Susan Bassnett is a leading representative of the translators are great school of thought, a school which holds that translators are as good – oh, hell, why not come out and say it – actually better than original (or rather, “original”) writers. I wouldn’t deny that translation is a creative activity – not after working on a production line anyway – but here she is arguing her point a little too hard in the essay “When is a translation not a translation?”:
When we read Thomas Mann or Homer, if we have no German or Ancient Greek, what we are reading is the original through translation, i.e. that translation is our original.
“Through” is a red herring here. We read Mann etc. in translation (or in the “”original,”” of course). She doesn’t quite go so far as to say translation = original, qualifying “original” with the word “our,” but she comes close.

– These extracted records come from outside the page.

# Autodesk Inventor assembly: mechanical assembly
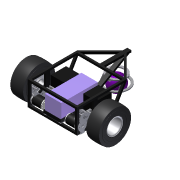
[picture p0: Inventor's stored thumbnail of the model, 180x180]
Saved by Autodesk Inventor 2012 (Build 160160000, 160)
## iProperties
Created: 2011-09-30
Part Number: mechanical assembly
Document SubType Name: Assembly
Designer: Antonella
Author: Antonella
## Documents named in this file (13)
- C:\Users\Antonella\Documents\GCC Robotics 2012 - Mechanical\Robot 2.0\mechanical assembly.iam
- C:\Users\Antonella\Documents\GCC Robotics 2012 - Mechanical\Robot 2.0\Chassis\chassis weldment.iam
- C:\Users\Antonella\Documents\GCC Robotics 2012 - Mechanical\Robot 2.0\Drive Train\Turf Tire\wheel kenda turf tire.iam
- C:\Users\Antonella\Documents\GCC Robotics 2012 - Mechanical\Robot 2.0\Payload Mount\payload mount.iam
- C:\Users\Antonella\Documents\GCC Robotics 2012 - Mechanical\Robot 2.0\Drive Train\Gearbox\gearbox.iam
- C:\Users\Antonella\Documents\GCC Robotics 2012 - Mechanical\Robot 2.0\Electrical\battery model.ipt
- C:\Users\Antonella\Documents\GCC Robotics 2012 - Mechanical\Robot 2.0\Drive Train\bearing block wheel mount.iam
- C:\Users\Antonella\Documents\GCC Robotics 2012 - Mechanical\Robot 2.0\Drive Train\Gearbox\gearbox_MIR.iam
- C:\Users\Antonella\Documents\GCC Robotics 2012 - Mechanical\Robot 2.0\Ball Caster\ball caster.iam
- C:\Users\Antonella\Documents\GCC Robotics 2012 - Mechanical\Robot 2.0\Drive Train\wheel_shaft.ipt
- C:\Users\Antonella\Documents\GCC Robotics 2012 - Mechanical\Robot 2.0\Drive Train\wheel_hub.ipt
- C:\Users\Antonella\Documents\GCC Robotics 2012 - Mechanical\Robot 2.0\Drive Train\sprocket_rollerchain_30t x 25p.ipt
- C:\Users\Antonella\Documents\GCC Robotics 2012 - Mechanical\Robot 2.0\Drive Train\bearing block wheel mount inner.iam
## Components (19 placed, 12 different names)
1. chassis weldment:1 [sub-assembly] — Mate:20, Flush:6, Mate:21, Flush:7, Mate:39, Flush:9, Mate:40, Mate:43, Mate:44, Mate:45, Mate:46, Mate:47, Mate:48, Mate:49, Mate:50, Mate:51, Mate:52, Mate:53, Mate:54, Mate:55, Flush:11, Mate:56, Mate:57, Mate:58, Mate:71, Angle:1, Mate:73, Mate:74, Angle:2
2. wheel kenda turf tire:1 [sub-assembly] — Mate:75, Mate:76
3. wheel kenda turf tire:2 [sub-assembly] — Mate:69, Mate:70
4. payload mount:1 [sub-assembly] — Mate:20, Flush:6, Mate:21, Flush:7
5. gearbox:1 [sub-assembly] — Mate:49, Mate:50, Mate:51, Flush:14
6. gearbox_MIR:1 [sub-assembly] — Mate:52, Mate:53, Mate:54, Flush:15
7. ball caster:1 [sub-assembly] — Mate:57, Mate:58
8. battery model:1 — Mate:39, Flush:9, Mate:40
9. battery model:2 — Mate:55, Flush:11, Mate:56
10. bearing block wheel mount:1 [sub-assembly] — Mate:43, Mate:44, Mate:45, Mate:67
11. bearing block wheel mount:2 [sub-assembly] — Mate:46, Mate:47, Mate:48, Mate:59
12. wheel_shaft:1 — Mate:59, Mate:60, Flush:12, Mate:61
13. wheel_shaft:2 — Mate:67, Flush:13, Mate:68, Mate:72
14. wheel_hub:1 — Mate:60, Flush:12, Mate:62, Mate:63, Mate:75, Mate:76
15. wheel_hub:2 — Mate:64, Mate:65, Mate:66, Flush:13, Mate:68, Mate:69, Mate:70
16. Roller Chain Sprocket2:1 — Mate:64, Mate:65, Mate:66, Flush:14
17. Roller Chain Sprocket2:2 — Mate:61, Mate:62, Mate:63, Flush:15
18. bearing block wheel mount inner:1 [sub-assembly] — Mate:73, Mate:74, Angle:2
19. bearing block wheel mount inner:2 [sub-assembly] — Mate:71, Mate:72, Angle:1
## Relationships (48: Mate 38, Flush 8, Angle 2)
- Mate:20: chassis weldment:1 ↔ payload mount:1
- Flush:6: chassis weldment:1 ↔ payload mount:1
- Mate:21: chassis weldment:1 ↔ payload mount:1
- Flush:7: chassis weldment:1 ↔ payload mount:1
- Mate:39: chassis weldment:1 ↔ battery model:1
- Flush:9: chassis weldment:1 ↔ battery model:1
- Mate:40: chassis weldment:1 ↔ battery model:1
- Mate:43: chassis weldment:1 ↔ bearing block wheel mount:1
- Mate:44: chassis weldment:1 ↔ bearing block wheel mount:1
- Mate:45: chassis weldment:1 ↔ bearing block wheel mount:1
- Mate:46: chassis weldment:1 ↔ bearing block wheel mount:2
- Mate:47: chassis weldment:1 ↔ bearing block wheel mount:2
- Mate:48: chassis weldment:1 ↔ bearing block wheel mount:2
- Mate:49: chassis weldment:1 ↔ gearbox:1
- Mate:50: chassis weldment:1 ↔ gearbox:1
- Mate:51: chassis weldment:1 ↔ gearbox:1
- Mate:52: chassis weldment:1 ↔ gearbox_MIR:1
- Mate:53: chassis weldment:1 ↔ gearbox_MIR:1
- Mate:54: chassis weldment:1 ↔ gearbox_MIR:1
- Mate:55: chassis weldment:1 ↔ battery model:2
- Flush:11: chassis weldment:1 ↔ battery model:2
- Mate:56: chassis weldment:1 ↔ battery model:2
- Mate:57: chassis weldment:1 ↔ ball caster:1
- Mate:58 (-25.4 mm): chassis weldment:1 ↔ ball caster:1
- Mate:59: bearing block wheel mount:2 ↔ wheel_shaft:1
- Mate:60: wheel_shaft:1 ↔ wheel_hub:1
- Flush:12: wheel_shaft:1 ↔ wheel_hub:1
- Mate:61: wheel_shaft:1 ↔ Roller Chain Sprocket2:2
- Mate:62: wheel_hub:1 ↔ Roller Chain Sprocket2:2
- Mate:63: wheel_hub:1 ↔ Roller Chain Sprocket2:2
- Mate:64: wheel_hub:2 ↔ Roller Chain Sprocket2:1
- Mate:65: wheel_hub:2 ↔ Roller Chain Sprocket2:1
- Mate:66: wheel_hub:2 ↔ Roller Chain Sprocket2:1
- Mate:67: bearing block wheel mount:1 ↔ wheel_shaft:2
- Flush:13: wheel_shaft:2 ↔ wheel_hub:2
- Mate:68: wheel_shaft:2 ↔ wheel_hub:2
- Mate:69: wheel kenda turf tire:2 ↔ wheel_hub:2
- Mate:70: wheel kenda turf tire:2 ↔ wheel_hub:2
- Mate:71: chassis weldment:1 ↔ bearing block wheel mount inner:2
- Mate:72: wheel_shaft:2 ↔ bearing block wheel mount inner:2
- Angle:1 (0 deg): chassis weldment:1 ↔ bearing block wheel mount inner:2
- Mate:73: chassis weldment:1 ↔ bearing block wheel mount inner:1
- Mate:74: chassis weldment:1 ↔ bearing block wheel mount inner:1
- Angle:2 (0 deg): chassis weldment:1 ↔ bearing block wheel mount inner:1
- Flush:14: gearbox:1 ↔ Roller Chain Sprocket2:1
- Mate:75: wheel kenda turf tire:1 ↔ wheel_hub:1
- Mate:76: wheel kenda turf tire:1 ↔ wheel_hub:1
- Flush:15: gearbox_MIR:1 ↔ Roller Chain Sprocket2:2
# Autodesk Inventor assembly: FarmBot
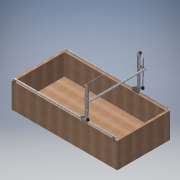
[picture p0: Inventor's stored thumbnail of the model, 180x180]
Saved by Autodesk Inventor 2017 (Build 210142000, 142)
## iProperties
Created: 2016-12-12
Part Number: FarmBot
Document SubType Name: Assembly
Designer: umr
Author: umr
## Documents named in this file (3)
- D:\SeniorProject\Models2\FarmBot.iam
- D:\SeniorProject\Models2\Elevator\Elevator.iam
- D:\SeniorProject\Models2\BedAssembly\BedAseembly.iam
## Components (2 placed, 2 different names)
1. Elevator:1 [sub-assembly] — Tangent:1, Tangent:2, Mate:1
2. BedAseembly:2 [sub-assembly] — Tangent:1, Tangent:2, Mate:1
## Relationships (3: Tangent 2, Mate 1)
- Tangent:1: Elevator:1 ↔ BedAseembly:2
- Tangent:2: Elevator:1 ↔ BedAseembly:2
- Mate:1: Elevator:1 ↔ BedAseembly:2
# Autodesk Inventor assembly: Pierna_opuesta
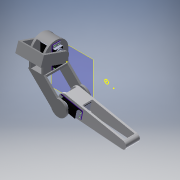
[picture p0: Inventor's stored thumbnail of the model, 180x180]
Saved by Autodesk Inventor 2018 (Build 220112000, 112)
## iProperties
Created: 2020-03-08
Part Number: Pierna_opuesta
Document SubType Name: Assembly
Designer: GonzaloDiaz
Author: GonzaloDiaz
## Documents named in this file (5)
- E:\Universidad\Codigo\Enigma\Diseños\Pierna_opuesta.iam
- E:\Universidad\Codigo\Enigma\Diseños\Femur_opuesto.ipt
- E:\Universidad\Codigo\Enigma\Diseños\SERVOMG996R.ipt
- E:\Universidad\Codigo\Enigma\Diseños\Tibia_opuesta.ipt
- E:\Universidad\Codigo\Enigma\Diseños\Hombro.ipt
## Components (5 placed, 4 different names)
1. Femur_opuesto:1 — Mate:5, Mate:6, Mate:7, Mate:8, Insert:1, Insert:2
2. SERVOMG996R:1 — Mate:5, Mate:6, Mate:7, Mate:8
3. Tibia_opuesta:1 — Mate:9, Mate:10, Mate:11, Insert:2
4. SERVOMG996R:2 — Mate:9, Mate:10, Mate:11
5. Hombro:1 — Insert:1
## Relationships (9: Mate 7, Insert 2)
- Mate:5: Femur_opuesto:1 ↔ SERVOMG996R:1
- Mate:6: Femur_opuesto:1 ↔ SERVOMG996R:1
- Mate:7: Femur_opuesto:1 ↔ SERVOMG996R:1
- Mate:8: Femur_opuesto:1 ↔ SERVOMG996R:1
- Mate:9: Tibia_opuesta:1 ↔ SERVOMG996R:2
- Mate:10: Tibia_opuesta:1 ↔ SERVOMG996R:2
- Mate:11: Tibia_opuesta:1 ↔ SERVOMG996R:2
- Insert:1: Femur_opuesto:1 ↔ Hombro:1
- Insert:2: Femur_opuesto:1 ↔ Tibia_opuesta:1
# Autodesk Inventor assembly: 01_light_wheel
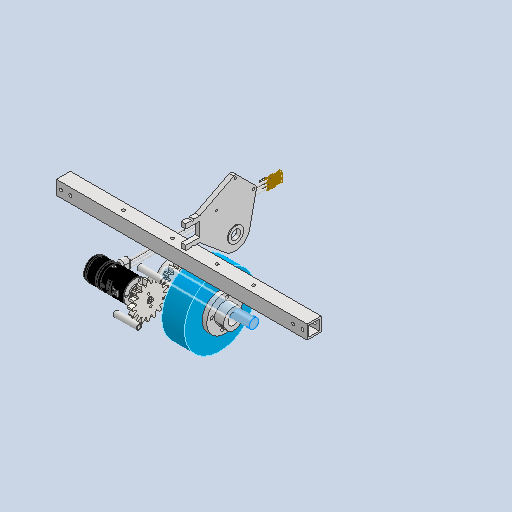
[picture p0: Inventor's stored thumbnail of the model, 512x512]
Saved by Autodesk Inventor 2025.2 (Build 292293000, 293)
## iProperties
Created: 2025-05-05
Part Number: 01_light_wheel
Document SubType Name: Assembly
Designer: yuki0520
Author: yuki0520
## Documents named in this file (15)
- C:\Users\haruy\Documents\ロボコン\NHK2025\cad\nagahisa\tanaka_dribll\2025_nhk\01\01_light_wheel.iam
- C:\Users\haruy\Documents\ロボコン\NHK2025\cad\nagahisa\tanaka_dribll\2025_nhk\01\light_kaku_2020.ipt
- C:\Users\haruy\Documents\ロボコン\NHK2025\cad\nagahisa\tanaka_dribll\2025_nhk\01\light_plate_middle.ipt
- C:\Users\haruy\Documents\ロボコン\NHK2025\cad\nagahisa\tanaka_dribll\2025_nhk\01\light_plate_motor.ipt
- C:\Users\haruy\Documents\ロボコン\NHK2025\cad\nagahisa\tanaka_dribll\2025_nhk\01\light_plate_nomo.ipt
- C:\Users\haruy\Documents\ロボコン\NHK2025\cad\000_parts\モーター\robomaster\M2006 P36\RoboMaster M2006 P36\RoboMaster M2006 P36.ipt
- C:\Users\haruy\Documents\ロボコン\NHK2025\cad\nagahisa\tanaka_dribll\2025_nhk\tanaka\nageru\smallring\small_tire.ipt
- C:\Users\haruy\Documents\ロボコン\NHK2025\cad\nagahisa\tanaka_dribll\2025_nhk\01\light_bar_roller_10.ipt
- C:\Users\haruy\Documents\ロボコン\NHK2025\cad\nagahisa\tanaka_dribll\2025_nhk\01\light_tire_fixer_10.ipt
- C:\Users\haruy\Documents\ロボコン\NHK2025\cad\nagahisa\tanaka_dribll\2025_nhk\01\light_gear.iam
- C:\Users\haruy\Documents\ロボコン\NHK2025\cad\nagahisa\tanaka_dribll\2025_nhk\01\set_6_20.ipt
- C:\Users\haruy\Documents\ロボコン\NHK2025\cad\nagahisa\tanaka_dribll\2025_nhk\01\light_space_6.ipt
- C:\Users\haruy\Documents\ロボコン\NHK2025\cad\nagahisa\tanaka_dribll\2025_nhk\01\set_bear_10.ipt
- C:\Users\haruy\Documents\ロボコン\NHK2025\cad\nagahisa\tanaka_dribll\2025_nhk\01\set_10_28.ipt
- C:\Users\haruy\Documents\ロボコン\NHK2025\cad\000_parts\ベアリング\10\bear_10_15_sn.ipt
## Components (16 placed, 14 different names)
1. light_kaku_2020:1 — メイト:37
2. light_plate_middle:1
3. light_plate_motor:1
4. light_plate_nomo:1 — 挿入:18
5. RoboMaster M2006 P36:1 — メイト:35
6. small_tire:1 — 挿入:5, 挿入:6
7. light_bar_roller_10:1 — メイト:30, メイト:34, メイト:39
8. light_tire_fixer_10:2 — 挿入:5, 挿入:6, メイト:30
9. light_gear:1 [sub-assembly] — メイト:34, メイト:35, 挿入:7, 挿入:8, 挿入:16, 挿入:17
10. set_6_20:1 — 挿入:7, 挿入:8
11. light_space_6:1
12. light_space_6:2
13. light_space_6:3
14. set_bear_10:1 — メイト:39
15. set_10_28:1 — 挿入:16, 挿入:17
16. bear_10_15_sn:1 — 挿入:18
## Relationships (12: Insert 7, Mate 5)
- 挿入:5 [Insert]: small_tire:1 ↔ light_tire_fixer_10:2
- 挿入:6 [Insert]: small_tire:1 ↔ light_tire_fixer_10:2
- メイト:30 [Mate]: light_bar_roller_10:1 ↔ light_tire_fixer_10:2
- メイト:34 [Mate]: light_bar_roller_10:1 ↔ light_gear:1
- メイト:35 [Mate]: RoboMaster M2006 P36:1 ↔ light_gear:1
- 挿入:7 [Insert]: light_gear:1 ↔ set_6_20:1
- 挿入:8 [Insert]: light_gear:1 ↔ set_6_20:1
- メイト:37 [Mate]: light_kaku_2020:1
- メイト:39 [Mate]: light_bar_roller_10:1 ↔ set_bear_10:1
- 挿入:16 [Insert]: light_gear:1 ↔ set_10_28:1
- 挿入:17 [Insert]: light_gear:1 ↔ set_10_28:1
- 挿入:18 [Insert]: light_plate_nomo:1 ↔ bear_10_15_sn:1

So much for prepositions and possessive adjectives; there’s also fun to be had with tenses. Suggestions that translators shove themselves (nb: she doesn’t use the word “shove”) into the translation (make themselves visible) are not so radical, she says. It’s only “… what translators have been doing for centuries.” I’ll leave more attentive students of translation history to decide if that should read “what translators did for centuries” and whether we want to return to the translation practices of the middle ages.
Bassnett also cites Borges, a hardy perennial in Translation Studies. In his short story “Pierre Menard, author of Don Quixote,” she writes, Menard decides that in order to rewrite an identical version of Don Quixote he will live his life exactly as Cervantes did. “Not true! Menard rejects this method!” is written in the margin of my copy of Bassnett’s book. I checked. The anonymous comment writer is correct. Menard discards this method as it is “too easy.” Bassnett refers to the 1964 Penguin edition of Borges Labyrinths, giving the page reference as 62-72. A rookie’s mistake: page 72 is the page on which the following short story begins. The correct page reference, then, is 62-71.